An estimated 20 percent to 80 percent of women suffer migraines during pregnancy, according to Dr. Katerina Nezvalova-Henriksen, of the University of Oslo, Norway, and colleagues.
“Many migraineurs may experience an exacerbation of their symptoms at the beginning of the first trimester,” they note in the December issue of the headache journal, Cephalalgia.
Consequently, these women may need to take anti-migraine medications early in pregnancy, “which also corresponds to the most vulnerable period of fetal development.”

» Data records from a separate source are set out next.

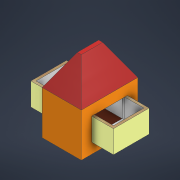
# Autodesk Inventor part: 110033226_ipt_55_內城堡屋頂
Saved by Autodesk Inventor 2022 (Build 260153000, 153)
## iProperties
Created: 2022-07-01
Part Number: 110033226_ipt_55_內城堡屋頂
Material: 一般
Document SubType Name: Modeling
Designer: User
Density: 1 g/cm^3
Appearance: 預設
Author: User
Autodesk Inventor part; units mm, degrees
ref_plane "YZ Plane" through (0, 0, 0) normal (1, 0, 0) x (0, 1, 0)
ref_plane "XZ Plane" through (0, 0, 0) normal (0, 1, 0) x (-1, 0, 0)
sketch "草圖1" plane through (0, 0, 0) normal (0, 1, 0) x (-1, 0, 0)
  line L0 (0, 0) -> (45, 0)
  line L1 (45, 0) -> (45, -65)
  line L2 (45, -65) -> (0, -65)
  line L3 (0, -65) -> (0, 0)
  dimension "d0" = 45
  dimension "d1" = 65
  constraints: 8 end point, 2 parallel, 1 horizontal, 1 perpendicular
  measures "d0" distance of L1.end L2.end
  measures "d1" distance of L0.end L1.end
extrude "擠出1" add sketch "草圖1" along normal blind 50
shell "薄殼1" thickness 3 removed faces 1 at (-15, 50, -21.666667)
sketch "草圖2" plane through (0, 0, 0) normal (1, 0, 0) x (0, 0, -1)
  line L0 (65, 50) -> (65, 0) projected
  line L1 (65, 0) -> (0, 0) projected
  line L2 (0, 0) -> (0, 50) projected
  line L3 (0, 50) -> (65, 50) projected
  line L4 (53, 38) -> (53, 12)
  line L5 (53, 12) -> (12, 12)
  line L6 (12, 12) -> (12, 38)
  line L7 (12, 38) -> (53, 38)
  dimension "d5" = 12
  constraints: 8 end point, 3 other
  measures "d5" distance between parallel lines of L3 L7
extrude "擠出2" add sketch "草圖2" along normal blind 25 separate body contours L4 L5 L6 L7
shell "薄殼2" thickness 3 removed faces 1 at (8.333333, 38, -39.333333) bodies 2
ref_plane "工作平面1" through (-22.5, 0, 0) normal (1, 0, 0) x (0, 0, -1)
sketch "草圖3" plane through (3, 15, -15) normal (1, 0, 0) x (0, 0, -1)
  line L0 (35, 0) -> (35, 23) projected
  line L1 (0, 23) -> (35, 23) projected
  line L2 (-3, 23) -> (0, 23) projected
  line L3 (-3, -3) -> (-3, 23) projected
  line L4 (38, -3) -> (-3, -3) projected
  line L5 (38, 23) -> (38, -3) projected
  line L6 (35, 23) -> (38, 23) projected
  line L7 (0, 0) -> (35, 0) projected
  line L8 (0, 23) -> (0, 0) projected
  point P0 (-15, -15)
extrude "擠出3" cut sketch "草圖3" against normal blind 25 contours L7 L8 L1 L0 bodies 2
sketch "草圖4" plane through (0, 0, 0) normal (1, 0, 0) x (0, 0, -1)
  line L0 (65, 50) -> (65, 0) projected
  line L1 (65, 0) -> (0, 0) projected
  line L2 (0, 0) -> (0, 50) projected
  line L3 (0, 50) -> (65, 50) projected
  line L4 (50, 38) -> (53, 38) projected
  line L5 (53, 38) -> (53, 12) projected
  line L6 (53, 12) -> (12, 12) projected
  line L7 (12, 12) -> (12, 38) projected
  line L8 (12, 38) -> (15, 38) projected
  line L9 (15, 38) -> (15, 15) projected
  line L10 (15, 15) -> (50, 15) projected
  line L11 (50, 15) -> (50, 38) projected
  line L12 (15, 38) -> (50, 38)
  line L13 (50, 38) -> (50, 15)
  line L14 (50, 15) -> (15, 15)
  line L15 (15, 15) -> (15, 38)
  constraints: 8 end point, 2 parallel, 1 horizontal, 1 perpendicular
extrude "擠出4" cut sketch "草圖4" against normal blind 10 contours L11 L10 L9 L12 bodies 1
mirror "鏡射1" about plane through (-22.5, 0, 0) normal (1, 0, 0) of "擠出4", "擠出2", "擠出3" bodies 1
shell "薄殼3" thickness 3 removed faces 1 at (-62.666667, 38, -26.666667) bodies 1
sketch "草圖5" plane through (-51, 15, -15) normal (-1, 0, 0) x (0, 0, 1)
  line L0 (0, 0) -> (0, 23) projected
  line L1 (-35, 23) -> (0, 23) projected
  line L2 (-38, 23) -> (-35, 23) projected
  line L3 (-38, -3) -> (-38, 23) projected
  line L4 (3, -3) -> (-38, -3) projected
  line L5 (3, 23) -> (3, -3) projected
  line L6 (0, 23) -> (3, 23) projected
  line L7 (-35, 0) -> (0, 0) projected
  line L8 (-35, 23) -> (-35, 0) projected
  point P0 (15, -15)
extrude "擠出5" cut sketch "草圖5" against normal blind 10 contours L7 L8 L1 L0 bodies 1
sketch "草圖6" plane through (0, 50, 0) normal (0, 1, 0) x (1, 0, 0)
  line L0 (-3, 3) -> (-3, 62) projected
  line L1 (-3, 62) -> (-42, 62) projected
  line L2 (-42, 62) -> (-42, 3) projected
  line L3 (-42, 3) -> (-3, 3) projected
  line L4 (0, 65) -> (0, 0) projected
  line L5 (0, 0) -> (-45, 0) projected
  line L6 (-45, 0) -> (-45, 65) projected
  line L7 (-45, 65) -> (0, 65) projected
sketch "草圖6 outline for 擠出6" plane through (0, 50, 0) normal (0, 1, 0) x (1, 0, 0)
  line L0 (0, 65) -> (-45, 65)
  line L1 (0, 0) -> (0, 65)
  line L2 (-45, 0) -> (0, 0)
  line L3 (-45, 65) -> (-45, 0)
extrude "擠出6" add sketch "草圖6 outline for 擠出6" along normal blind 35 draft -30 bodies 1

To narrow down which women were likely to need migraine medications during pregnancy, the researchers analyzed data from the Norwegian Mother and Child Cohort Study—an observational study of 60,435 pregnant women recruited between 1999 and 2006 and conducted by the Norwegian Institute of Public Health.
After adjusting for a variety of factors, pregnant women who reported getting less than 5 hours of shuteye each night were 50 percent more likely to use anti-migraine drugs than women who slept for longer each night.
Overall, 3840 (roughly 6 percent) women reported having a migraine during the first 5 months of pregnancy. Of these, 2525 (about 73 percent) reported using migraine medications during pregnancy, the researchers report.
The most common migraine agents used included non-narcotic analgesics (54 percent) and so-called triptans (25 percent). Triptan migraine drugs include Imitrex, Amerge, Axert, Frova, Maxalt, Relpax and Zomig.